Given ARVINAS’s clinical-stage profile and absence of product sales, executive pay is likely heavily equity‑based (stock options/RSUs) and tied to long‑dated clinical and regulatory milestones rather than recurring revenue metrics. Recent program reprioritization, a workforce reduction with expected run‑rate savings of ~$80M annually, and the company’s stated runway to H2 2028 suggest management incentives may be shifting toward cost‑control and successful execution of high‑value catalysts (NDA approval, pivotal readouts, IND/Phase 1 progress). Collaboration payments and milestone accounting (e.g., changes in Pfizer program estimates that materially affected revenue recognition) mean bonus plans that reference GAAP revenue could be volatile; many biotechs in this situation instead link cash bonuses or vesting triggers to discrete R&D or regulatory events. Severance and retention arrangements (the quarter included $1.0M restructuring charges and $7.4M cash severance) may also affect reported pay in the near term and often accompany accelerated vesting or supplemental equity grants to secure key personnel through pivotal milestones.

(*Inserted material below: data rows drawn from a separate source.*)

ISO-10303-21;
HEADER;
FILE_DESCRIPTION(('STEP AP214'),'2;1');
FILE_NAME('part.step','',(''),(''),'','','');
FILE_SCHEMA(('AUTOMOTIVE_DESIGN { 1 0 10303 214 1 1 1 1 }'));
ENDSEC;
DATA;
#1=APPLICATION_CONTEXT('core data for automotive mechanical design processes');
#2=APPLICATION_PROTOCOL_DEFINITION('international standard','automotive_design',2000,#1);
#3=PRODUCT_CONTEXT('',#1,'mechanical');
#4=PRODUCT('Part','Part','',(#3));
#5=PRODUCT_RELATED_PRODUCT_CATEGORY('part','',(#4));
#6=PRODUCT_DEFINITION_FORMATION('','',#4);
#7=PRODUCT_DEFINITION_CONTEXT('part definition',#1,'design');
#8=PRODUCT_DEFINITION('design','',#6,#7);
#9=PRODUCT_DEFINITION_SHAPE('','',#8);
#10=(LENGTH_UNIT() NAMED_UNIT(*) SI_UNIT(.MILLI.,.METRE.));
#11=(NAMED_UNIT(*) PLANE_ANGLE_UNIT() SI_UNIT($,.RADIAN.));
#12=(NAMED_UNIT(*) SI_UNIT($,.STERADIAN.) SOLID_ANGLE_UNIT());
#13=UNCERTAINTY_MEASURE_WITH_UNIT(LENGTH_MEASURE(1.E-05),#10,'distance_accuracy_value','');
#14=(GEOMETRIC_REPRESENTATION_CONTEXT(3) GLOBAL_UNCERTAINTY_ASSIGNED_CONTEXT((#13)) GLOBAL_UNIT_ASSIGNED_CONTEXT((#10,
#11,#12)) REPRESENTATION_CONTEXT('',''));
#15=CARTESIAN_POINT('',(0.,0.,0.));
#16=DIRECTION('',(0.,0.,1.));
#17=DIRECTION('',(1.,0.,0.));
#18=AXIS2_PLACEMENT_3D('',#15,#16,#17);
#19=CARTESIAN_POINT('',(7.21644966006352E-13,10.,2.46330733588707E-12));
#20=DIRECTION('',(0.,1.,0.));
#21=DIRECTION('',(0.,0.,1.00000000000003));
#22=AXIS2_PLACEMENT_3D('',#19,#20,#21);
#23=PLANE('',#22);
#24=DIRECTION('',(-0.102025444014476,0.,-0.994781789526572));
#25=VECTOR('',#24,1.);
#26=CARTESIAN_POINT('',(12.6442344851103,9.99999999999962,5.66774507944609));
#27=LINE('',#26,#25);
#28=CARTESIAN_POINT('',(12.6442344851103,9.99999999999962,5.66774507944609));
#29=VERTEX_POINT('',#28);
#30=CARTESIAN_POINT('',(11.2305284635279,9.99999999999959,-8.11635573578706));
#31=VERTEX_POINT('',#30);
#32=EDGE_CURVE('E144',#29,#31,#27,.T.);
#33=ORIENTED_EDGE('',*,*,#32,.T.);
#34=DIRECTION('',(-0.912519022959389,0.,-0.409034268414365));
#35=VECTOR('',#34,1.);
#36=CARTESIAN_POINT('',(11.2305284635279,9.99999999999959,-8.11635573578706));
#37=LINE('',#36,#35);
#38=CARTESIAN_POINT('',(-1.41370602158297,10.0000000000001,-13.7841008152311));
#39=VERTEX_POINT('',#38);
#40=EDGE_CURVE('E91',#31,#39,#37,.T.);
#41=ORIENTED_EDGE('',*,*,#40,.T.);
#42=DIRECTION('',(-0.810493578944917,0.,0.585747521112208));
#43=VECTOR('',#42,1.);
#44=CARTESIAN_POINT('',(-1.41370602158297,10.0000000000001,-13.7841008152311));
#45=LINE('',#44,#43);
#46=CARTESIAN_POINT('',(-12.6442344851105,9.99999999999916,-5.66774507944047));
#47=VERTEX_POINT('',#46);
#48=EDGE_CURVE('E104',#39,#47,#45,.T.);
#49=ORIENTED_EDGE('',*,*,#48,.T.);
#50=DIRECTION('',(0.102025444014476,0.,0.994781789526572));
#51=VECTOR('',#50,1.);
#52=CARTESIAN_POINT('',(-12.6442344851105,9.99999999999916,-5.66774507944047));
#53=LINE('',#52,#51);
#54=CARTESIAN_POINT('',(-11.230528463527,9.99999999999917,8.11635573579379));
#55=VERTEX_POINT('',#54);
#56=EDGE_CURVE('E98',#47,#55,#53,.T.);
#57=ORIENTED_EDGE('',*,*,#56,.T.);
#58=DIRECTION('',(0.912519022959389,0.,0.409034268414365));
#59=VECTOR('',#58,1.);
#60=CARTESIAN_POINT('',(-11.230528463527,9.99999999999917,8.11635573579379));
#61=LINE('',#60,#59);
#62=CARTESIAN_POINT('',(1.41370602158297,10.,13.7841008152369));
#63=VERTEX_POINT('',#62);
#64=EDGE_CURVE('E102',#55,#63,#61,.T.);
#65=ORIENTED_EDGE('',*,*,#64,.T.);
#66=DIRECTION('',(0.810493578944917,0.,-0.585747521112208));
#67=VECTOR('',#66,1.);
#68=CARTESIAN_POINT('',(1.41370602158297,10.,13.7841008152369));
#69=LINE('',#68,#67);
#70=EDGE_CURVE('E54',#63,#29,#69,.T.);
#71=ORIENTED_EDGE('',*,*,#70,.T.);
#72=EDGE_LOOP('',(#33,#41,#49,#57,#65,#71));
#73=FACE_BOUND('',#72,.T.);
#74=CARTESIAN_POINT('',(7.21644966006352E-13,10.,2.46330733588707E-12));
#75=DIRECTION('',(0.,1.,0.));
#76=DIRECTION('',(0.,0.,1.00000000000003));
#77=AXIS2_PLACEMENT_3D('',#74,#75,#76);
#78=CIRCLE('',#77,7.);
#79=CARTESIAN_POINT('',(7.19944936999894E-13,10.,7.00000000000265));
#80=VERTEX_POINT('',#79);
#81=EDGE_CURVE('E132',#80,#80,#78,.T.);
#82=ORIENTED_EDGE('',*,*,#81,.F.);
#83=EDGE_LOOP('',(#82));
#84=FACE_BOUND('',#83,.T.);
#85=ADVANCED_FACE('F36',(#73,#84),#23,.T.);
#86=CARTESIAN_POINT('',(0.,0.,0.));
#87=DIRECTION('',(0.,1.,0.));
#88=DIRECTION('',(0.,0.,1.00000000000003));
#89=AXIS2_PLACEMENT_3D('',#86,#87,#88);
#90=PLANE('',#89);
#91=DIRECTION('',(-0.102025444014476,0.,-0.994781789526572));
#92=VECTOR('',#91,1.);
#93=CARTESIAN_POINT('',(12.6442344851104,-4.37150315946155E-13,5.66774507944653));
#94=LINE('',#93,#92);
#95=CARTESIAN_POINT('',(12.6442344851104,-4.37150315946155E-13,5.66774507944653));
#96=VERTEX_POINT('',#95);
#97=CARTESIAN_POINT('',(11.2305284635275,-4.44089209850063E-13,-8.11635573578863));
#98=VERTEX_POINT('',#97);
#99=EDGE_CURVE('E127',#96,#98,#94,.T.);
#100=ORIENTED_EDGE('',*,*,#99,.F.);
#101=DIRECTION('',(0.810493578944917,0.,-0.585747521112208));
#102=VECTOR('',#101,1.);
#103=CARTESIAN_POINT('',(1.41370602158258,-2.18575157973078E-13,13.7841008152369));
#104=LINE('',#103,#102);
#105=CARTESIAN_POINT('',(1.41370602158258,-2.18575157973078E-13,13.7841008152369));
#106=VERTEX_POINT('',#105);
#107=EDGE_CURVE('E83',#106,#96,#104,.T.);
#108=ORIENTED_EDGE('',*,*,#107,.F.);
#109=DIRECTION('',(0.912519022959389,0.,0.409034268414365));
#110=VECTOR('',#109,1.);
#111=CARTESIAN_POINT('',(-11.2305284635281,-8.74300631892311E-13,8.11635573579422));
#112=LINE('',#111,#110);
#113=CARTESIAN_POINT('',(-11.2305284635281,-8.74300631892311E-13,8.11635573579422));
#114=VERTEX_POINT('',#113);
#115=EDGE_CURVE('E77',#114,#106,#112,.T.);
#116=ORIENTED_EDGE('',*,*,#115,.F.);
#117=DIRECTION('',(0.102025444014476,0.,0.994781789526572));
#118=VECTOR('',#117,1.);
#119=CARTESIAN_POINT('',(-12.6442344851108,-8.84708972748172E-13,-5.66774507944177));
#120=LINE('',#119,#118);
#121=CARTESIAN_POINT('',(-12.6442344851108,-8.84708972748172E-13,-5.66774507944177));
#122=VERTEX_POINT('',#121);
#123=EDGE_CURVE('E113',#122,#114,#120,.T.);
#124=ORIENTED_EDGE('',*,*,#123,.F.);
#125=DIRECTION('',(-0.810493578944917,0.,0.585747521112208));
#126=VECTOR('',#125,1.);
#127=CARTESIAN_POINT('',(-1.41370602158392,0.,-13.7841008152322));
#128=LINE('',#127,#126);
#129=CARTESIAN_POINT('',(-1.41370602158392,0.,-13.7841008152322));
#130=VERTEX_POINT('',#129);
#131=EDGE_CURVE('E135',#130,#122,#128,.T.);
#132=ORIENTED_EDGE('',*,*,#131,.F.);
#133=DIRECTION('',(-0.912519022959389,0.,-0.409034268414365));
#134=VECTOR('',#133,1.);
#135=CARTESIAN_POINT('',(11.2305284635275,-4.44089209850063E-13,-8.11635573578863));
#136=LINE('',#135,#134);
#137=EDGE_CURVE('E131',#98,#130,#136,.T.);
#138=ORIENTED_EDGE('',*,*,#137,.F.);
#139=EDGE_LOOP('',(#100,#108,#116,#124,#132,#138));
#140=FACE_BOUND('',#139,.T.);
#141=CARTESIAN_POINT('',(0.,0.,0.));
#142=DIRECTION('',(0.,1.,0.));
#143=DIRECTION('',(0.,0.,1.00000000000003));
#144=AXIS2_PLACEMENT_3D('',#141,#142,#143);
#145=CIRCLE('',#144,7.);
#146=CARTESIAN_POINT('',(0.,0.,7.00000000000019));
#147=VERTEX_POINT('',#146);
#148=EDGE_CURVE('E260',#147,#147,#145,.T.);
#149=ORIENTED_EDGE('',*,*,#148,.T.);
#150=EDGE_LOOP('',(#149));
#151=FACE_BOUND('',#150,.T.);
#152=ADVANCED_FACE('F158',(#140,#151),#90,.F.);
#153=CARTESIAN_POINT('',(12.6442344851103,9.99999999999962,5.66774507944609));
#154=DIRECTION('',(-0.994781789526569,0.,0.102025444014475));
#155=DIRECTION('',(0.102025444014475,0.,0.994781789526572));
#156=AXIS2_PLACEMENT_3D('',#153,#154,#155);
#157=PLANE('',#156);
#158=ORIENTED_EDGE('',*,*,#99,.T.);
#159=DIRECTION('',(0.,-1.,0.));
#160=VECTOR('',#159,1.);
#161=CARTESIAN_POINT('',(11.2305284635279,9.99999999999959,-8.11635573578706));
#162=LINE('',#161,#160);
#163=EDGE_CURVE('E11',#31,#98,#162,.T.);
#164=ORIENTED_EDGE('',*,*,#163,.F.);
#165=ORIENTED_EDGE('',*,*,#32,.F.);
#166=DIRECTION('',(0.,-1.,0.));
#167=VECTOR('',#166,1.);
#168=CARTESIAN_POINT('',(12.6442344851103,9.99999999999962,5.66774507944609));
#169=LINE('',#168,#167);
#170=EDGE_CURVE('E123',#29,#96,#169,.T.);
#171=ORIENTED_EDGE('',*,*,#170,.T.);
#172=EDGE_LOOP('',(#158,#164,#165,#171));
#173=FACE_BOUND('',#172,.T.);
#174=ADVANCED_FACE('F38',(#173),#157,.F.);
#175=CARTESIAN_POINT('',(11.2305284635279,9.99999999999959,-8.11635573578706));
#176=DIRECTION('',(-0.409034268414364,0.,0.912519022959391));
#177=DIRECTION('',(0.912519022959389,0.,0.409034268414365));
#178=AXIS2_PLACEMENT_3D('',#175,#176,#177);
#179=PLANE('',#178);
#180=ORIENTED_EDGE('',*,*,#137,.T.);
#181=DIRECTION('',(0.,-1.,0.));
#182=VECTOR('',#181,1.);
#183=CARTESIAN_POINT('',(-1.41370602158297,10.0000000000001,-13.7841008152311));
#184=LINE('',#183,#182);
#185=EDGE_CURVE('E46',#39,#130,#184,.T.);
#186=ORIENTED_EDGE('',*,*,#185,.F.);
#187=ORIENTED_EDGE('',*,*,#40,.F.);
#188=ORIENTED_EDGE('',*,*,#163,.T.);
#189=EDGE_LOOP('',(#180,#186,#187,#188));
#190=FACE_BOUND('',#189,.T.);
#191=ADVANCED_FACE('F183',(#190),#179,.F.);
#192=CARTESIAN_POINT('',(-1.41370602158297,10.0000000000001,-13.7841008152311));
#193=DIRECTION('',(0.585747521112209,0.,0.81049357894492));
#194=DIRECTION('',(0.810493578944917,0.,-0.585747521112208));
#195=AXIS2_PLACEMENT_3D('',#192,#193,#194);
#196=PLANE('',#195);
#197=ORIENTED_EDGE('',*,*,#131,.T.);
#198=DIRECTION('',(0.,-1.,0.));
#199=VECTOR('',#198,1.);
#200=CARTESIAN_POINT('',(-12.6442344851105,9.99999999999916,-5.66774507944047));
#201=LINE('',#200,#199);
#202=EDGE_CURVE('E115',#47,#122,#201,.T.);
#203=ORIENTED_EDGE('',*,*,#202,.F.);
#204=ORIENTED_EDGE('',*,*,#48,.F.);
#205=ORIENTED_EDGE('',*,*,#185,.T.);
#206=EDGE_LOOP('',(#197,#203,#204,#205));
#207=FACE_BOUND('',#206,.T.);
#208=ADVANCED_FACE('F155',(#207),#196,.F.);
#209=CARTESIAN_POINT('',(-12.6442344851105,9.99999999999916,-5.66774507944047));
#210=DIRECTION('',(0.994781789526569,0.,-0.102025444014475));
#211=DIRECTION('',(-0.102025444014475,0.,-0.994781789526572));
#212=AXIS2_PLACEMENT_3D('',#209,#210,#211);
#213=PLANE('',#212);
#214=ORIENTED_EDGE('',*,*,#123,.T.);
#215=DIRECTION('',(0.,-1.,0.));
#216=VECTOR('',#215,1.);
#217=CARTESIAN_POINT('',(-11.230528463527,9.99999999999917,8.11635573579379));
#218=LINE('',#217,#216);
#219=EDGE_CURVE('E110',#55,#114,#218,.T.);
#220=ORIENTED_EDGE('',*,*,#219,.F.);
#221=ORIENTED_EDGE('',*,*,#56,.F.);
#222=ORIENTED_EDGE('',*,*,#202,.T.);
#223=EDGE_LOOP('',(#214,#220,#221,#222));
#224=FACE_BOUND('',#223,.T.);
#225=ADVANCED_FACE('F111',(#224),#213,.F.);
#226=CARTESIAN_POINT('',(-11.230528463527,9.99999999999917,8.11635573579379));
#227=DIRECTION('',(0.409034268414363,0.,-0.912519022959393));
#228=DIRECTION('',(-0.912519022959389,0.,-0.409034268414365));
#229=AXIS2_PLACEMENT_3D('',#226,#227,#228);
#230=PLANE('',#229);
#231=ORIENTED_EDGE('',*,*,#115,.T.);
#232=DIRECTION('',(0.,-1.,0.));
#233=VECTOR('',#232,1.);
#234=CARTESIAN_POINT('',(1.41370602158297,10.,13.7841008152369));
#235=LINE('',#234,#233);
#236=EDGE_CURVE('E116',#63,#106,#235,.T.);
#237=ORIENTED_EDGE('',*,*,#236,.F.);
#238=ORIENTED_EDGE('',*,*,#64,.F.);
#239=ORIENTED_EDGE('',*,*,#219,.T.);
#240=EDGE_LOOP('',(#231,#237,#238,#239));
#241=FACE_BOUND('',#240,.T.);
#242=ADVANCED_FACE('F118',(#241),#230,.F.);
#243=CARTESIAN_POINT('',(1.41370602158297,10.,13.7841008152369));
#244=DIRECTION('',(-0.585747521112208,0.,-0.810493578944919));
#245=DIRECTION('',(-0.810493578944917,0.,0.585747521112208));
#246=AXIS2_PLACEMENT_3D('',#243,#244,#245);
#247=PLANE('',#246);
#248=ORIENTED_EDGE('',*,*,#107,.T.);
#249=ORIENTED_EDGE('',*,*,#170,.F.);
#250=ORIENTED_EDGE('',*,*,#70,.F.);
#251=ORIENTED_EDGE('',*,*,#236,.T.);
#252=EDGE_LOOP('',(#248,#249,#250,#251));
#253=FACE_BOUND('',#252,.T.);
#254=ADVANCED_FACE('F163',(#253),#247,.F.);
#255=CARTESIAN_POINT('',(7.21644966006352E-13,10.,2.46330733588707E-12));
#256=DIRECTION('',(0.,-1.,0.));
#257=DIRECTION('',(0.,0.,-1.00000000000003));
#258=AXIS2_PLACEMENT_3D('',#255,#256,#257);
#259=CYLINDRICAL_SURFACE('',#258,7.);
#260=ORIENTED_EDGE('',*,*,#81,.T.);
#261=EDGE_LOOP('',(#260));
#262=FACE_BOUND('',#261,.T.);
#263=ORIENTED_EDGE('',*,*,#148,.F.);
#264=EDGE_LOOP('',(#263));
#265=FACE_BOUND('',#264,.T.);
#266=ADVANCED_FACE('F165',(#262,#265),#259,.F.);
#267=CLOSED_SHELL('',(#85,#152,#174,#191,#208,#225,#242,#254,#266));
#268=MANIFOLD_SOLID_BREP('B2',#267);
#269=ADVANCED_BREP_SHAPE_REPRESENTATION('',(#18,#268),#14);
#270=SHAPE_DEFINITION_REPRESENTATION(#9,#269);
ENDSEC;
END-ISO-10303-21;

Trading by insiders at ARVINAS should be viewed in the context of frequent material events (NDA submission/decision, clinical readouts, partner negotiations) that create substantial MNPI and typically trigger extended blackout periods; markets often read insider buys/sells around these events as signals. Because revenue and reported results are sensitive to collaboration accounting changes with large partners (e.g., Pfizer), insiders with partner‑related knowledge may face additional internal restrictions and staggered disclosure obligations. Expect common use of 10b5‑1 plans and careful timing of exercises/sales given the company’s equity‑heavy pay structure and potential dilution from milestone‑linked grants; all officers and greater‑than‑10% owners remain subject to Section 16 reporting (Form 4 filings). Finally, severance payments or retention grants tied to the April 2025 workforce reduction could produce near‑term Form 4 and proxy disclosures that traders may interpret as management reactions to the company’s financing runway and strategic priorities.